Saturday, October 15, 2005

Virgil

The Writer's Almanac - It's the birthday of the Roman poet Virgil, (books by this author) born Publius Vergilius Maro near Mantua, Italy (70 B.C.). His father was a peasant, a farm worker who married the boss's daughter. So the boy, Virgil, was sent off to Milan, Rome, and Naples for his education. He missed the countryside, so he came back to the family farm and wrote poetry.

He lived at a time of civil wars, and his first collection of poems, known as the Eclogues, about farmers and shepherds and the rural landscape, was very popular because it reminded people of a simpler time before things had gotten so bad. At the request of the government, he wrote poems to persuade Romans to go back to the countryside and to work the land again.
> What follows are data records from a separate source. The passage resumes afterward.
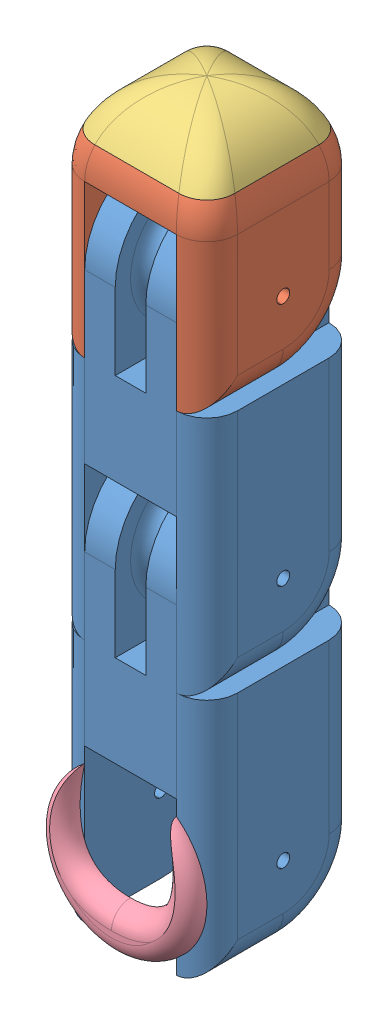
SolidWorks assembly Finger Assembly 3, configuration Default. Lengths in mm.
Overall size (20 94 23.03).
5 component instances, 4 part files, 13 mates.
Components (placement in the parent):
- Finger Body 3-1: Finger Body 3 [Default] at (8.0779 21.877 43.4324) size (20 52 20)
- Finger Body 3-2: Finger Body 3 [Default] at (8.0779 53.877 43.4324) size (20 52 20)
- Finger Top-1: Finger Top [Default] at (8.0779 85.877 43.4324) size (20 24 20)
- Finger Tip-1: Finger Tip [Default] at (8.0779 85.877 43.4324) size (18.77 6 18.77)
- Finger Moon-1: Finger Moon [Default] at (8.0779 11.877 53.4324) x (1 0 0) z (0 -1 0) size (20 3.57 18.53)
Mates (geometry in assembly coordinates):
- Coincident1: coincident anti-aligned: plane of Finger Body-1 through (14.0779 43.877 53.4324) normal (1 0 0); plane of Finger Body 3-2 through (14.0779 43.877 33.4324) normal (-1 0 0)
- LimitAngle1: limit planar angle = 1.570796 rad aligned: plane of Finger Body-2 through (-1.9221 65.877 53.4324) normal (0 0 1); plane of Finger Body-1 through (8.0779 33.877 43.4324) normal (0 1 0)
- Coincident2: coincident anti-aligned: plane of Finger Body 3-2 through (14.0779 75.877 53.4324) normal (1 0 0); plane of Finger Top-1 through (14.0779 75.877 53.4324) normal (-1 0 0)
- Concentric2: concentric aligned: circle of Finger Body-2; circle of Finger Top-1
- LimitAngle2: limit planar angle = 1.570796 rad anti-aligned: plane of Finger Top-1 through (18.0779 89.877 27.2077) normal (0 1 0); plane of Finger Body-2 through (-1.9221 65.877 53.4324) normal (0 0 1)
- Concentric3: concentric aligned: circle of Finger Body-1; circle of Finger Body-2
- Coincident5: coincident anti-aligned: plane of Finger Top-1 through (18.0779 89.877 27.2077) normal (0 1 0); plane of Finger Tip-1 through (-1.9221 89.877 53.958) normal (0 -1 0)
- Coincident6: coincident anti-aligned: line of Finger Top-1 through (2.5788 89.877 52.5976) axis (1 0 0); line of Finger Tip-1 through (13.577 89.877 52.5976) axis (-1 0 0)
- Coincident7: coincident anti-aligned: line of Finger Top-1 through (-1.0873 89.877 37.9334) axis (0 0 1); line of Finger Tip-1 through (-1.0873 89.877 48.9315) axis (0 0 -1)
- Coincident8: coincident anti-aligned: plane of Finger Body 3-1 through (-1.9221 33.877 53.4324) normal (0 0 1); plane of Finger Moon-1 through (2.2963 10.7209 53.4324) normal (0 0 -1)
- Coincident9: coincident: line of Finger Body 3-1 through (2.0779 1.877 53.4324) axis (0 1 0); point of Finger Moon-1
- Coincident10: coincident: line of Finger Body 3-1 through (14.0779 1.877 53.4324) axis (0 1 0); point of Finger Moon-1
- Coincident11: coincident aligned: line of Finger Body 3-1 through (14.0779 1.877 53.4324) axis (0 0 -1); line of Finger Moon-1 through (14.0779 1.877 53.4324) axis (0 0 -1)
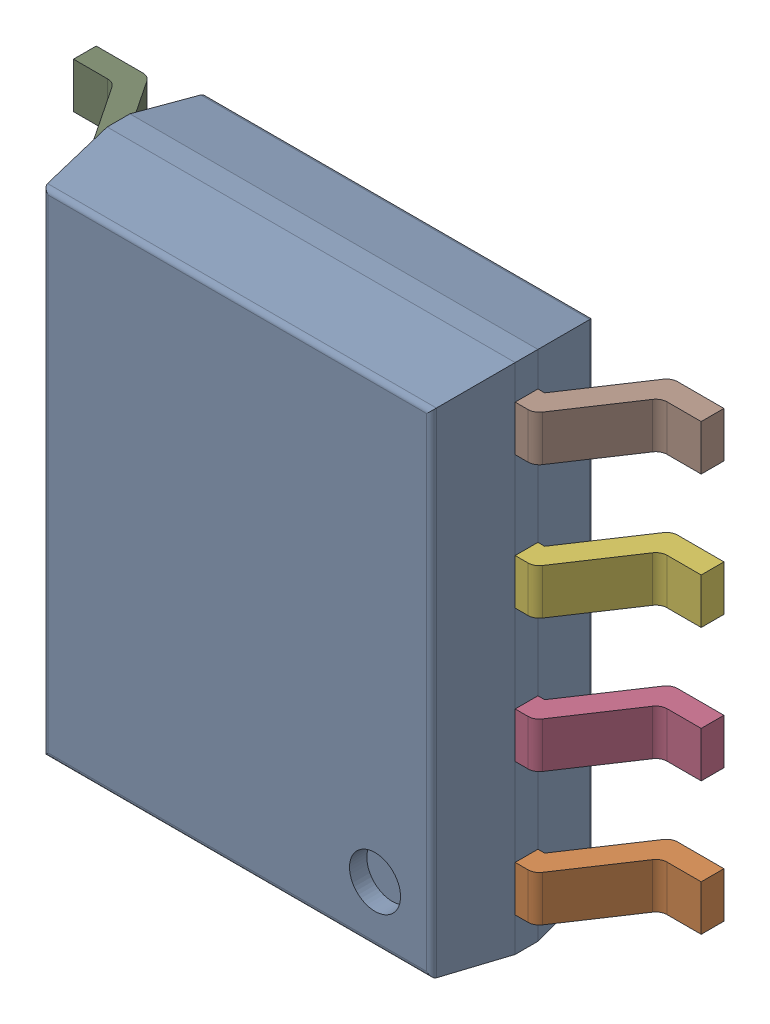
SolidWorks assembly IC23_1.step, configuration Default. Lengths in mm.
Overall size (6 4.9 1.65).
4 component instances, 3 part files, 0 mates.
Components (placement in the parent):
- 6348795168_1.step-3: 6348795168_1.step [Default] at (530.978 330.454 0) x (-1 0 0) z (0 0 1) size (6 4.9 1.65)
  - Body-6_1.step-3: Body-6_1.step [Default] at origin size (3.9 4.9 1.55)
  - PinsArrayLR_1.step-3: PinsArrayLR_1.step [Default] at origin size (6 4.24 0.95)
  - ThermalPad_1.step-3: ThermalPad_1.step [Default] at (-1.045 -1.045 0) size (2.09 2.09 0.1)
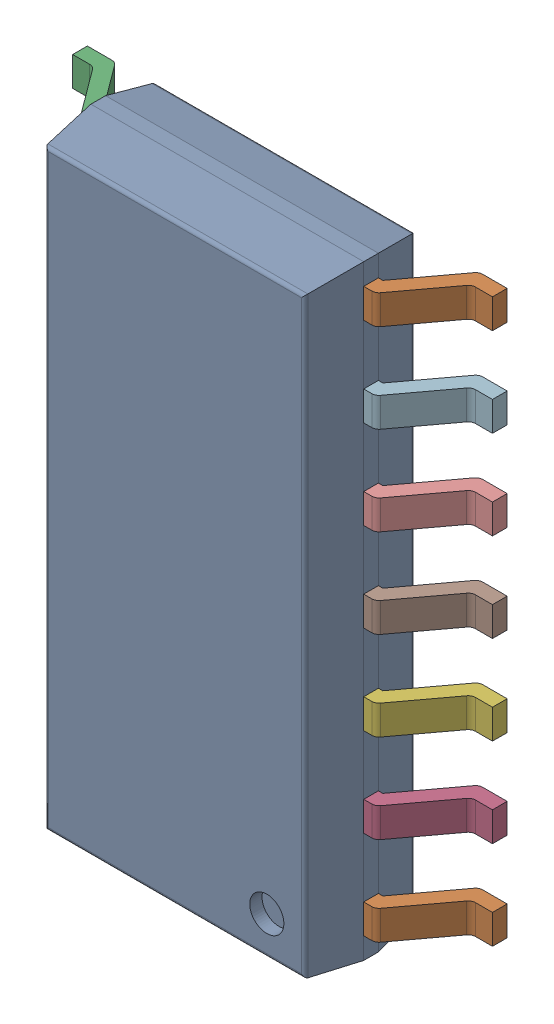
SolidWorks assembly IC11_IC104_1.step, configuration Default. Lengths in mm.
Overall size (6 8.65 1.75).
3 component instances, 2 part files, 0 mates.
Components (placement in the parent):
- 6348793888_1.step-3: 6348793888_1.step [Default] at (521.774 251.303 0) x (-1 0 0) z (0 0 1) size (6 8.65 1.75)
  - Body-16_1.step-14: Body-16_1.step [Default] at origin size (3.9 8.65 1.57)
  - PinsArrayLR-17_1.step-14: PinsArrayLR-17_1.step [Default] at origin size (6 8.04 1)

He wrote four volumes of these poems about agriculture, known as The Georgics, and they offered instruction in farming, animal husbandry, and beekeeping.

The emperor Augustus was so impressed by Virgil's work that he gave Virgil two villas to live in and a stipend to live on for the rest of his days. And so Virgil set out to write an epic poem which he called The Aeneid, which told the story of Aeneas, one of the soldiers in the Trojan War, traveling home from Troy to found a new city that would become Rome.

Virgil worked on it for 11 years. He took a trip to Greece so he could pick up some details for one of the sections of the poem. On the voyage he caught a fever, came back to Italy, and died before the poem was completed.